Algorithm Walkthrough

  1. Initialize an array a of length n with all elements set to 1. This represents the array at time t=0.
  2. Repeat for k seconds:

a. Initialize a variable cumulative to 0 to maintain a running prefix sum.

b. Iterate over the array. For each index i, update cumulative = (cumulative + a[i]) % MOD and set a[i] = cumulative. This ensures each element becomes the sum of itself and all previous elements. 3. Return a[n-1] as the result modulo 10^9 + 7.

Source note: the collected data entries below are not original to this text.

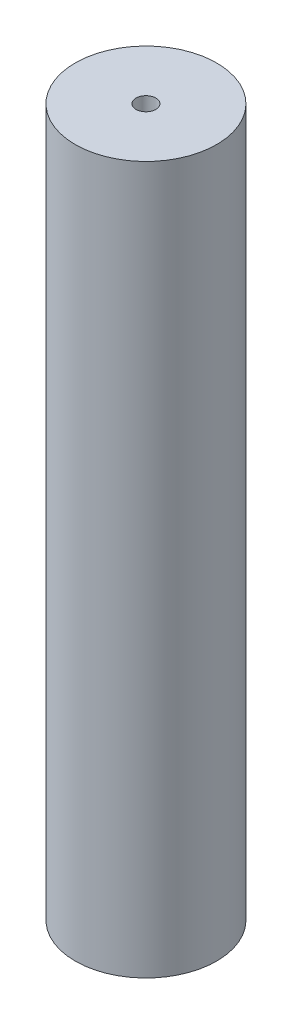
SolidWorks part; units mm, degrees
ref_plane "Спереди" through (0, 0, 0) normal (0, 0, 1) x (1, 0, 0)
ref_plane "Сверху" through (0, 0, 0) normal (0, 1, 0) x (1, 0, 0)
ref_plane "Справа" through (0, 0, 0) normal (1, 0, 0) x (0, 0, -1)
other "Configuration Table"
sketch "Эскиз1" plane through (0, 0, 0) normal (0, 1, 0) x (1, 0, 0)
  circle A0 centre (-1.375, 1.3858) radius 2.5
  circle A1 centre (-1.375, 1.3858) radius 0.35
  dimension "D1" = 5
  dimension "D2" = 0.7
  dimension "D3" = 0
extrude "Бобышка-Вытянуть3" add sketch "Эскиз1" along normal blind 25
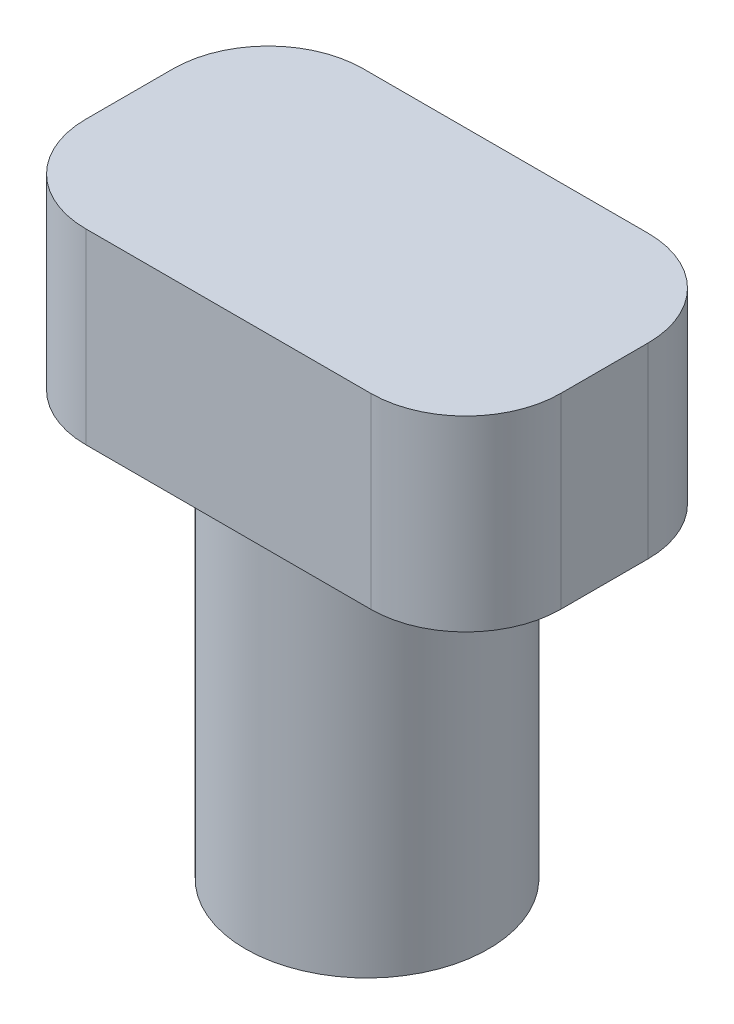
SolidWorks part; units mm, degrees
ref_plane "Front Plane" through (0, 0, 0) normal (0, 0, 1) x (1, 0, 0)
ref_plane "Top Plane" through (0, 0, 0) normal (0, 1, 0) x (1, 0, 0)
ref_plane "Right Plane" through (0, 0, 0) normal (1, 0, 0) x (0, 0, -1)
sketch "Sketch1" plane through (0, 0, 0) normal (0, 1, 0) x (1, 0, 0)
  circle A0 centre (0, 0) radius 3.25
  dimension "D1" = 6.5
extrude "Boss-Extrude1" add sketch "Sketch1" along normal blind 10 contours A0
sketch "Sketch2" plane through (0, 0, 0) normal (0, -1, 0) x (1, 0, 0)
  circle A1 centre (0, 0) radius 1.75
  dimension "D1" = 3.5
extrude "Cut-Extrude1" cut sketch "Sketch2" against normal blind 2.5
sketch "Sketch3" plane through (0, 10, 0) normal (0, 1, 0) x (1, 0, 0)
  line L1 (-6.35, 3.7084) -> (6.35, 3.7084)
  line L2 (-6.35, 3.7084) -> (-6.35, -3.7084)
  line L3 (-6.35, -3.7084) -> (6.35, -3.7084)
  line L4 (6.35, 3.7084) -> (6.35, -3.7084)
  line L5 (-6.35, 3.7084) -> (6.35, -3.7084) construction
  line L6 (-6.35, -3.7084) -> (6.35, 3.7084) construction
  point P0 (0, 0)
  dimension "D1" = 12.7
  dimension "D2" = 7.4168
extrude "Boss-Extrude2" add sketch "Sketch3" along normal blind 5
fillet "Fillet1" radius 2.54 4 edges at (-6.35, 12.5, -3.7084) (6.35, 12.5, -3.7084) (6.35, 12.5, 3.7084) (-6.35, 12.5, 3.7084)

Why it works: By maintaining a running cumulative sum, each element is updated to reflect the sum of all preceding elements plus itself. This preserves the invariant of the problem statement and avoids recomputation, producing the correct last element after k seconds.

Python Solution

class Solution:
    def valueAfterKSeconds(self, n: int, k: int) -> int:
        MOD = 10**9 + 7
        a = [1] * n
        
        for _ in range(k):
            cumulative = 0
            for i in range(n):
                cumulative = (cumulative + a[i]) % MOD
                a[i] = cumulative
        
        return a[-1]

The implementation initializes the array a with ones and iterates k times, updating each element using a running cumulative sum. The modulo operation ensures we stay within integer bounds.

Go Solution

func valueAfterKSeconds(n int, k int) int {
    const MOD int = 1e9 + 7
    a := make([]int, n)
    for i := 0; i < n; i++ {
        a[i] = 1
    }

    for t := 0; t < k; t++ {
        cumulative := 0
        for i := 0; i < n; i++ {
            cumulative = (cumulative + a[i]) % MOD
            a[i] = cumulative
        }
    }

    return a[n-1]
}

Go-specific differences include pre-allocating the slice a and using a standard for loop instead of Python's range. The logic mirrors the Python implementation.

Worked Examples

Example 1: n = 4, k = 5

Second Array State
0 [1, 1, 1, 1]
1 [1, 2, 3, 4]
2 [1, 3, 6, 10]
3 [1, 4, 10, 20]
4 [1, 5, 15, 35]
5 [1, 6, 21, 56]

Return 56.

Example 2: n = 5, k = 3

Second Array State
0 [1, 1, 1, 1, 1]
1 [1, 2, 3, 4, 5]
2 [1, 3, 6, 10, 15]
3 [1, 4, 10, 20, 35]

Return 35.

Complexity Analysis

Measure Complexity Explanation
Time O(n * k) Each of the k seconds requires O(n) to update the array using prefix sums
Space O(n) Only the array a of length n is maintained

The algorithm is efficient for n, k ≤ 1000 because 1,000 * 1,000 = 10^6 operations are acceptable.

Test Cases

# test cases
sol = Solution()
assert sol.valueAfterKSeconds(4, 5) == 56  # example 1
assert sol.valueAfterKSeconds(5, 3) == 35  # example 2
assert sol.valueAfterKSeconds(1, 0) == 1   # edge case: single element, no seconds
assert sol.valueAfterKSeconds(1, 10) == 1  # edge case: single element, multiple seconds
assert sol.valueAfterKSeconds(2, 1) == 2   # small array, 1 second
assert sol.valueAfterKSeconds(3, 3) == 10  # small example
Test Why
n=4, k=5 matches example 1
n=5, k=3 matches example 2
n=1, k=0 tests minimum input, no updates
n=1, k=10 tests single element with updates
n=2, k=1 tests minimal array and small update
n=3, k=3 tests small example with multiple updates

Edge Cases

A key edge case is when n = 1. Since there is only one element, its value never changes, regardless of k. Another edge case is k = 0, which represents no updates; the array remains [1]*n, so the last element is 1. A third edge case involves maximum values n = 1000, k = 1000 where large intermediate sums occur; using the modulo operation prevents integer overflow and ensures correctness. The implementation handles all these cases by design through initialization and modular arithmetic.